Distributed Access

One of my key criticisms of our current Account Management system, and of many of the other account/identity management products on the market is the high degree of centralisation that they require. When you distribute out service management, you need an account management system that can provide a similar level of distribution of provisioning. It shouldn’t be necessary for every provisioning script to be built into the runtime of the central system (as with our current system). It shouldn’t even be necessary that every provisioning script to run on the same central server. It really shouldn’t be necessary that provisioning scripts be developed and maintained by the people who run the account management system.

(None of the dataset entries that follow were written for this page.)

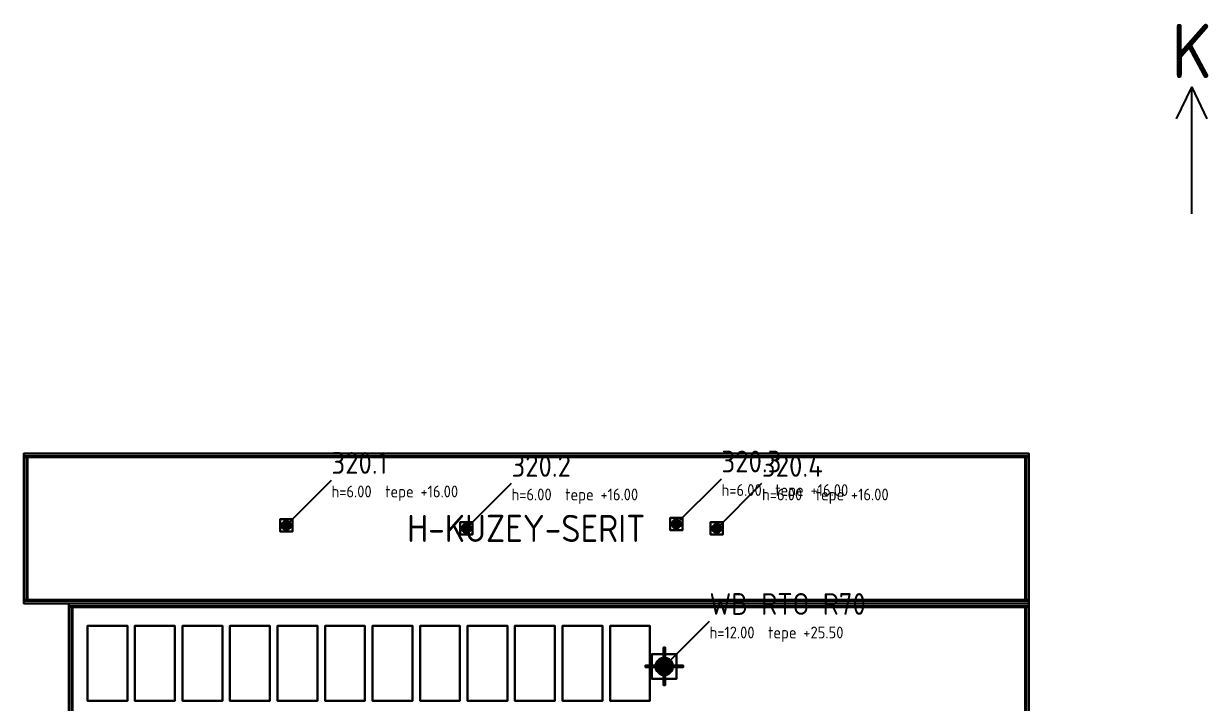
# Model space of a CAD drawing. Header units: metres. Extents: x 0 to 320, y 0 to 192.
# Drawn here: x 189 to 319.8, y 116.6 to 191.7 of the extents above; entities that cross this region are included whole.
import ezdxf
from ezdxf.enums import TextEntityAlignment as Align

# ---------------------------------------------------------------- set-up
doc = ezdxf.new("R2010")
doc.units = ezdxf.units.M
for name, color, linetype in [('00-SINIR', 8, 'Continuous'), ('01-EKSEN', 8, 'Continuous'), ('05-CEPHE', 253, 'Continuous'), ('10-CATI-DOSEME', 254, 'Continuous'), ('11-PARAPET', 9, 'Continuous'), ('14-SED-CATI', 150, 'Continuous'), ('15-SED-CAM', 140, 'Continuous'), ('20-BACA-320', 190, 'Continuous'), ('20-BACA-RTO', 1, 'Continuous'), ('30-BACA-KODU', 7, 'Continuous'), ('31-KILAVUZ-CIZGI', 8, 'Continuous')]:
    doc.layers.add(name, color=color, linetype=linetype)
doc.styles.add('ANNOT', font='isocp.shx')

# ---------------------------------------------------------------- blocks, each defined once
blk = doc.blocks.new('BACA_320_D800_H6000')
at = {"layer": '20-BACA-320'}
mesh = blk.add_polyface(dxfattribs=at)
corners = [(-0.68, -0.68), (0.68, -0.68), (0.68, 0.68), (-0.68, 0.68), (-0.68, -0.68, 0.4), (0.68, -0.68, 0.4), (0.68, 0.68, 0.4), (-0.68, 0.68, 0.4), (0.4, 0, 0.4), (0.38, 0.12, 0.4), (0.38, 0.12, 5.55), (0.4, 0, 5.55), (0.32, 0.24, 0.4), (0.32, 0.24, 5.55), (0.24, 0.32, 0.4), (0.24, 0.32, 5.55), (0.12, 0.38, 0.4), (0.12, 0.38, 5.55), (0, 0.4, 0.4), (0, 0.4, 5.55), (-0.12, 0.38, 0.4), (-0.12, 0.38, 5.55), (-0.24, 0.32, 0.4), (-0.24, 0.32, 5.55), (-0.32, 0.24, 0.4), (-0.32, 0.24, 5.55), (-0.38, 0.12, 0.4), (-0.38, 0.12, 5.55), (-0.4, 0, 0.4), (-0.4, 0, 5.55), (-0.38, -0.12, 0.4), (-0.38, -0.12, 5.55), (-0.32, -0.24, 0.4), (-0.32, -0.24, 5.55), (-0.24, -0.32, 0.4), (-0.24, -0.32, 5.55), (-0.12, -0.38, 0.4), (-0.12, -0.38, 5.55), (0, -0.4, 0.4), (0, -0.4, 5.55), (0.12, -0.38, 0.4), (0.12, -0.38, 5.55), (0.24, -0.32, 0.4), (0.24, -0.32, 5.55), (0.32, -0.24, 0.4), (0.32, -0.24, 5.55), (0.38, -0.12, 0.4), (0.38, -0.12, 5.55), (0.49, 0, 3.13), (0.46, 0.15, 3.13), (0.46, 0.15, 3.27), (0.49, 0, 3.27), (0.39, 0.29, 3.13), (0.39, 0.29, 3.27), (0.29, 0.39, 3.13), (0.29, 0.39, 3.27), (0.15, 0.46, 3.13), (0.15, 0.46, 3.27), (0, 0.49, 3.13), (0, 0.49, 3.27), (-0.15, 0.46, 3.13), (-0.15, 0.46, 3.27), (-0.29, 0.39, 3.13), (-0.29, 0.39, 3.27), (-0.39, 0.29, 3.13), (-0.39, 0.29, 3.27), (-0.46, 0.15, 3.13), (-0.46, 0.15, 3.27), (-0.49, 0, 3.13), (-0.49, 0, 3.27), (-0.46, -0.15, 3.13), (-0.46, -0.15, 3.27), (-0.39, -0.29, 3.13), (-0.39, -0.29, 3.27), (-0.29, -0.39, 3.13), (-0.29, -0.39, 3.27), (-0.15, -0.46, 3.13), (-0.15, -0.46, 3.27), (0, -0.49, 3.13), (0, -0.49, 3.27), (0.15, -0.46, 3.13), (0.15, -0.46, 3.27), (0.29, -0.39, 3.13), (0.29, -0.39, 3.27), (0.39, -0.29, 3.13), (0.39, -0.29, 3.27), (0.46, -0.15, 3.13), (0.46, -0.15, 3.27), (0.33, 0.11, 5.85), (0.35, 0, 5.85), (0.28, 0.21, 5.85), (0.21, 0.28, 5.85), (0.11, 0.33, 5.85), (0, 0.35, 5.85), (-0.11, 0.33, 5.85), (-0.21, 0.28, 5.85), (-0.28, 0.21, 5.85), (-0.33, 0.11, 5.85), (-0.35, 0, 5.85), (-0.33, -0.11, 5.85), (-0.28, -0.21, 5.85), (-0.21, -0.28, 5.85), (-0.11, -0.33, 5.85), (0, -0.35, 5.85), (0.11, -0.33, 5.85), (0.21, -0.28, 5.85), (0.28, -0.21, 5.85), (0.33, -0.11, 5.85), (0.38, 0, 5.85), (0.36, 0.12, 5.85), (0.36, 0.12, 6), (0.38, 0, 6), (0.31, 0.22, 5.85), (0.31, 0.22, 6), (0.22, 0.31, 5.85), (0.22, 0.31, 6), (0.12, 0.36, 5.85), (0.12, 0.36, 6), (0, 0.38, 5.85), (0, 0.38, 6), (-0.12, 0.36, 5.85), (-0.12, 0.36, 6), (-0.22, 0.31, 5.85), (-0.22, 0.31, 6), (-0.31, 0.22, 5.85), (-0.31, 0.22, 6), (-0.36, 0.12, 5.85), (-0.36, 0.12, 6), (-0.38, 0, 5.85), (-0.38, 0, 6), (-0.36, -0.12, 5.85), (-0.36, -0.12, 6), (-0.31, -0.22, 5.85), (-0.31, -0.22, 6), (-0.22, -0.31, 5.85), (-0.22, -0.31, 6), (-0.12, -0.36, 5.85), (-0.12, -0.36, 6), (0, -0.38, 5.85), (0, -0.38, 6), (0.12, -0.36, 5.85), (0.12, -0.36, 6), (0.22, -0.31, 5.85), (0.22, -0.31, 6), (0.31, -0.22, 5.85), (0.31, -0.22, 6), (0.36, -0.12, 5.85), (0.36, -0.12, 6)]
mesh.append_faces([[corners[k] for k in face] for face in [(0, 1, 2, 3), (4, 5, 6, 7), (0, 1, 5, 4), (1, 2, 6, 5), (2, 3, 7, 6), (3, 0, 4, 7), (8, 9, 10, 11), (9, 12, 13, 10), (12, 14, 15, 13), (14, 16, 17, 15), (16, 18, 19, 17), (18, 20, 21, 19), (20, 22, 23, 21), (22, 24, 25, 23), (24, 26, 27, 25), (26, 28, 29, 27), (28, 30, 31, 29), (30, 32, 33, 31), (32, 34, 35, 33), (34, 36, 37, 35), (36, 38, 39, 37), (38, 40, 41, 39), (40, 42, 43, 41), (42, 44, 45, 43), (44, 46, 47, 45), (46, 8, 11, 47), (8, 9, 12), (11, 10, 13), (8, 12, 14), (11, 13, 15), (8, 14, 16), (11, 15, 17), (8, 16, 18), (11, 17, 19), (8, 18, 20), (11, 19, 21), (8, 20, 22), (11, 21, 23), (8, 22, 24), (11, 23, 25), (8, 24, 26), (11, 25, 27), (8, 26, 28), (11, 27, 29), (8, 28, 30), (11, 29, 31), (8, 30, 32), (11, 31, 33), (8, 32, 34), (11, 33, 35), (8, 34, 36), (11, 35, 37), (8, 36, 38), (11, 37, 39), (8, 38, 40), (11, 39, 41), (8, 40, 42), (11, 41, 43), (8, 42, 44), (11, 43, 45), (8, 44, 46), (11, 45, 47), (48, 49, 50, 51), (49, 52, 53, 50), (52, 54, 55, 53), (54, 56, 57, 55), (56, 58, 59, 57), (58, 60, 61, 59), (60, 62, 63, 61), (62, 64, 65, 63), (64, 66, 67, 65), (66, 68, 69, 67), (68, 70, 71, 69), (70, 72, 73, 71), (72, 74, 75, 73), (74, 76, 77, 75), (76, 78, 79, 77), (78, 80, 81, 79), (80, 82, 83, 81), (82, 84, 85, 83), (84, 86, 87, 85), (86, 48, 51, 87), (11, 10, 88, 89), (10, 13, 90, 88), (13, 15, 91, 90), (15, 17, 92, 91), (17, 19, 93, 92), (19, 21, 94, 93), (21, 23, 95, 94), (23, 25, 96, 95), (25, 27, 97, 96), (27, 29, 98, 97), (29, 31, 99, 98), (31, 33, 100, 99), (33, 35, 101, 100), (35, 37, 102, 101), (37, 39, 103, 102), (39, 41, 104, 103), (41, 43, 105, 104), (43, 45, 106, 105), (45, 47, 107, 106), (47, 11, 89, 107), (108, 109, 110, 111), (109, 112, 113, 110), (112, 114, 115, 113), (114, 116, 117, 115), (116, 118, 119, 117), (118, 120, 121, 119), (120, 122, 123, 121), (122, 124, 125, 123), (124, 126, 127, 125), (126, 128, 129, 127), (128, 130, 131, 129), (130, 132, 133, 131), (132, 134, 135, 133), (134, 136, 137, 135), (136, 138, 139, 137), (138, 140, 141, 139), (140, 142, 143, 141), (142, 144, 145, 143), (144, 146, 147, 145), (146, 108, 111, 147), (108, 109, 112), (111, 110, 113), (108, 112, 114), (111, 113, 115), (108, 114, 116), (111, 115, 117), (108, 116, 118), (111, 117, 119), (108, 118, 120), (111, 119, 121), (108, 120, 122), (111, 121, 123), (108, 122, 124), (111, 123, 125), (108, 124, 126), (111, 125, 127), (108, 126, 128), (111, 127, 129), (108, 128, 130), (111, 129, 131), (108, 130, 132), (111, 131, 133), (108, 132, 134), (111, 133, 135), (108, 134, 136), (111, 135, 137), (108, 136, 138), (111, 137, 139), (108, 138, 140), (111, 139, 141), (108, 140, 142), (111, 141, 143), (108, 142, 144), (111, 143, 145), (108, 144, 146), (111, 145, 147)]])
blk = doc.blocks.new('BACA_RTO_D1600_H12000')
at = {"layer": '20-BACA-RTO'}
for p, q in [((0, 2.08, 0.18), (0, 0.8, 6.6)), ((-2.08, 0, 0.18), (-0.8, 0, 6.6)), ((2.08, 0, 0.18), (0.8, 0, 6.6)), ((0, -2.08, 0.18), (0, -0.8, 6.6))]:
    blk.add_line(p, q, dxfattribs=at)
mesh = blk.add_polyface(dxfattribs=at)
corners = [(-1.36, -1.36), (1.36, -1.36), (1.36, 1.36), (-1.36, 1.36), (-1.36, -1.36, 0.4), (1.36, -1.36, 0.4), (1.36, 1.36, 0.4), (-1.36, 1.36, 0.4), (0.8, 0, 0.4), (0.76, 0.25, 0.4), (0.76, 0.25, 11.55), (0.8, 0, 11.55), (0.65, 0.47, 0.4), (0.65, 0.47, 11.55), (0.47, 0.65, 0.4), (0.47, 0.65, 11.55), (0.25, 0.76, 0.4), (0.25, 0.76, 11.55), (0, 0.8, 0.4), (0, 0.8, 11.55), (-0.25, 0.76, 0.4), (-0.25, 0.76, 11.55), (-0.47, 0.65, 0.4), (-0.47, 0.65, 11.55), (-0.65, 0.47, 0.4), (-0.65, 0.47, 11.55), (-0.76, 0.25, 0.4), (-0.76, 0.25, 11.55), (-0.8, 0, 0.4), (-0.8, 0, 11.55), (-0.76, -0.25, 0.4), (-0.76, -0.25, 11.55), (-0.65, -0.47, 0.4), (-0.65, -0.47, 11.55), (-0.47, -0.65, 0.4), (-0.47, -0.65, 11.55), (-0.25, -0.76, 0.4), (-0.25, -0.76, 11.55), (0, -0.8, 0.4), (0, -0.8, 11.55), (0.25, -0.76, 0.4), (0.25, -0.76, 11.55), (0.47, -0.65, 0.4), (0.47, -0.65, 11.55), (0.65, -0.47, 0.4), (0.65, -0.47, 11.55), (0.76, -0.25, 0.4), (0.76, -0.25, 11.55), (0.98, 0, 6.13), (0.93, 0.3, 6.13), (0.93, 0.3, 6.27), (0.98, 0, 6.27), (0.79, 0.57, 6.13), (0.79, 0.57, 6.27), (0.57, 0.79, 6.13), (0.57, 0.79, 6.27), (0.3, 0.93, 6.13), (0.3, 0.93, 6.27), (0, 0.98, 6.13), (0, 0.98, 6.27), (-0.3, 0.93, 6.13), (-0.3, 0.93, 6.27), (-0.57, 0.79, 6.13), (-0.57, 0.79, 6.27), (-0.79, 0.57, 6.13), (-0.79, 0.57, 6.27), (-0.93, 0.3, 6.13), (-0.93, 0.3, 6.27), (-0.98, 0, 6.13), (-0.98, 0, 6.27), (-0.93, -0.3, 6.13), (-0.93, -0.3, 6.27), (-0.79, -0.57, 6.13), (-0.79, -0.57, 6.27), (-0.57, -0.79, 6.13), (-0.57, -0.79, 6.27), (-0.3, -0.93, 6.13), (-0.3, -0.93, 6.27), (0, -0.98, 6.13), (0, -0.98, 6.27), (0.3, -0.93, 6.13), (0.3, -0.93, 6.27), (0.57, -0.79, 6.13), (0.57, -0.79, 6.27), (0.79, -0.57, 6.13), (0.79, -0.57, 6.27), (0.93, -0.3, 6.13), (0.93, -0.3, 6.27), (0.67, 0.22, 11.85), (0.7, 0, 11.85), (0.57, 0.41, 11.85), (0.41, 0.57, 11.85), (0.22, 0.67, 11.85), (0, 0.7, 11.85), (-0.22, 0.67, 11.85), (-0.41, 0.57, 11.85), (-0.57, 0.41, 11.85), (-0.67, 0.22, 11.85), (-0.7, 0, 11.85), (-0.67, -0.22, 11.85), (-0.57, -0.41, 11.85), (-0.41, -0.57, 11.85), (-0.22, -0.67, 11.85), (0, -0.7, 11.85), (0.22, -0.67, 11.85), (0.41, -0.57, 11.85), (0.57, -0.41, 11.85), (0.67, -0.22, 11.85), (0.76, 0, 11.85), (0.72, 0.23, 11.85), (0.72, 0.23, 12), (0.76, 0, 12), (0.61, 0.45, 11.85), (0.61, 0.45, 12), (0.45, 0.61, 11.85), (0.45, 0.61, 12), (0.23, 0.72, 11.85), (0.23, 0.72, 12), (0, 0.76, 11.85), (0, 0.76, 12), (-0.23, 0.72, 11.85), (-0.23, 0.72, 12), (-0.45, 0.61, 11.85), (-0.45, 0.61, 12), (-0.61, 0.45, 11.85), (-0.61, 0.45, 12), (-0.72, 0.23, 11.85), (-0.72, 0.23, 12), (-0.76, 0, 11.85), (-0.76, 0, 12), (-0.72, -0.23, 11.85), (-0.72, -0.23, 12), (-0.61, -0.45, 11.85), (-0.61, -0.45, 12), (-0.45, -0.61, 11.85), (-0.45, -0.61, 12), (-0.23, -0.72, 11.85), (-0.23, -0.72, 12), (0, -0.76, 11.85), (0, -0.76, 12), (0.23, -0.72, 11.85), (0.23, -0.72, 12), (0.45, -0.61, 11.85), (0.45, -0.61, 12), (0.61, -0.45, 11.85), (0.61, -0.45, 12), (0.72, -0.23, 11.85), (0.72, -0.23, 12)]
mesh.append_faces([[corners[k] for k in face] for face in [(0, 1, 2, 3), (4, 5, 6, 7), (0, 1, 5, 4), (1, 2, 6, 5), (2, 3, 7, 6), (3, 0, 4, 7), (8, 9, 10, 11), (9, 12, 13, 10), (12, 14, 15, 13), (14, 16, 17, 15), (16, 18, 19, 17), (18, 20, 21, 19), (20, 22, 23, 21), (22, 24, 25, 23), (24, 26, 27, 25), (26, 28, 29, 27), (28, 30, 31, 29), (30, 32, 33, 31), (32, 34, 35, 33), (34, 36, 37, 35), (36, 38, 39, 37), (38, 40, 41, 39), (40, 42, 43, 41), (42, 44, 45, 43), (44, 46, 47, 45), (46, 8, 11, 47), (8, 9, 12), (11, 10, 13), (8, 12, 14), (11, 13, 15), (8, 14, 16), (11, 15, 17), (8, 16, 18), (11, 17, 19), (8, 18, 20), (11, 19, 21), (8, 20, 22), (11, 21, 23), (8, 22, 24), (11, 23, 25), (8, 24, 26), (11, 25, 27), (8, 26, 28), (11, 27, 29), (8, 28, 30), (11, 29, 31), (8, 30, 32), (11, 31, 33), (8, 32, 34), (11, 33, 35), (8, 34, 36), (11, 35, 37), (8, 36, 38), (11, 37, 39), (8, 38, 40), (11, 39, 41), (8, 40, 42), (11, 41, 43), (8, 42, 44), (11, 43, 45), (8, 44, 46), (11, 45, 47), (48, 49, 50, 51), (49, 52, 53, 50), (52, 54, 55, 53), (54, 56, 57, 55), (56, 58, 59, 57), (58, 60, 61, 59), (60, 62, 63, 61), (62, 64, 65, 63), (64, 66, 67, 65), (66, 68, 69, 67), (68, 70, 71, 69), (70, 72, 73, 71), (72, 74, 75, 73), (74, 76, 77, 75), (76, 78, 79, 77), (78, 80, 81, 79), (80, 82, 83, 81), (82, 84, 85, 83), (84, 86, 87, 85), (86, 48, 51, 87), (11, 10, 88, 89), (10, 13, 90, 88), (13, 15, 91, 90), (15, 17, 92, 91), (17, 19, 93, 92), (19, 21, 94, 93), (21, 23, 95, 94), (23, 25, 96, 95), (25, 27, 97, 96), (27, 29, 98, 97), (29, 31, 99, 98), (31, 33, 100, 99), (33, 35, 101, 100), (35, 37, 102, 101), (37, 39, 103, 102), (39, 41, 104, 103), (41, 43, 105, 104), (43, 45, 106, 105), (45, 47, 107, 106), (47, 11, 89, 107), (108, 109, 110, 111), (109, 112, 113, 110), (112, 114, 115, 113), (114, 116, 117, 115), (116, 118, 119, 117), (118, 120, 121, 119), (120, 122, 123, 121), (122, 124, 125, 123), (124, 126, 127, 125), (126, 128, 129, 127), (128, 130, 131, 129), (130, 132, 133, 131), (132, 134, 135, 133), (134, 136, 137, 135), (136, 138, 139, 137), (138, 140, 141, 139), (140, 142, 143, 141), (142, 144, 145, 143), (144, 146, 147, 145), (146, 108, 111, 147), (108, 109, 112), (111, 110, 113), (108, 112, 114), (111, 113, 115), (108, 114, 116), (111, 115, 117), (108, 116, 118), (111, 117, 119), (108, 118, 120), (111, 119, 121), (108, 120, 122), (111, 121, 123), (108, 122, 124), (111, 123, 125), (108, 124, 126), (111, 125, 127), (108, 126, 128), (111, 127, 129), (108, 128, 130), (111, 129, 131), (108, 130, 132), (111, 131, 133), (108, 132, 134), (111, 133, 135), (108, 134, 136), (111, 135, 137), (108, 136, 138), (111, 137, 139), (108, 138, 140), (111, 139, 141), (108, 140, 142), (111, 141, 143), (108, 142, 144), (111, 143, 145), (108, 144, 146), (111, 145, 147)]])
mesh = blk.add_polyface(dxfattribs=at)
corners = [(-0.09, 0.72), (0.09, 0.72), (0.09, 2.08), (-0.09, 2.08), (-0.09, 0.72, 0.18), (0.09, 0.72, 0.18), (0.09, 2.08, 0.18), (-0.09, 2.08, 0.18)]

Some of these concerns come from scalability. Experience has shown that requiring that changes be made to the central account management system every time a new service is deployed doesn’t scale in terms of developer time. The priorities of a team deploying a new service often don’t mesh with those managing the central system, and requiring that a developer have an in depth knowledge of both the central management system, and the account database of the new service can cause difficulties. Eventually, you end up with a central system that, no matter how well designed the plugin architecture is, is creaking with the load of all the services hanging off it.

This model also causes problems with delegation. I’ll talk more about delegation in a later post, but part of the delegation issue is also pertinent here. In a model where more and more ‘services’ are being managed by research groups, it’s just not realistic to require that deployment of one of these new services requires changes to the central provisioning system.

Instead, a truly distributed account management system should move the provisioning details away from the centre, and locate it locally to the service. This doesn’t necessarily mean that the provisioning is performed on the machine(s) the service runs on, but that conceptually the provisioning act is the responsibility of those managing that service, and not of those running the central system.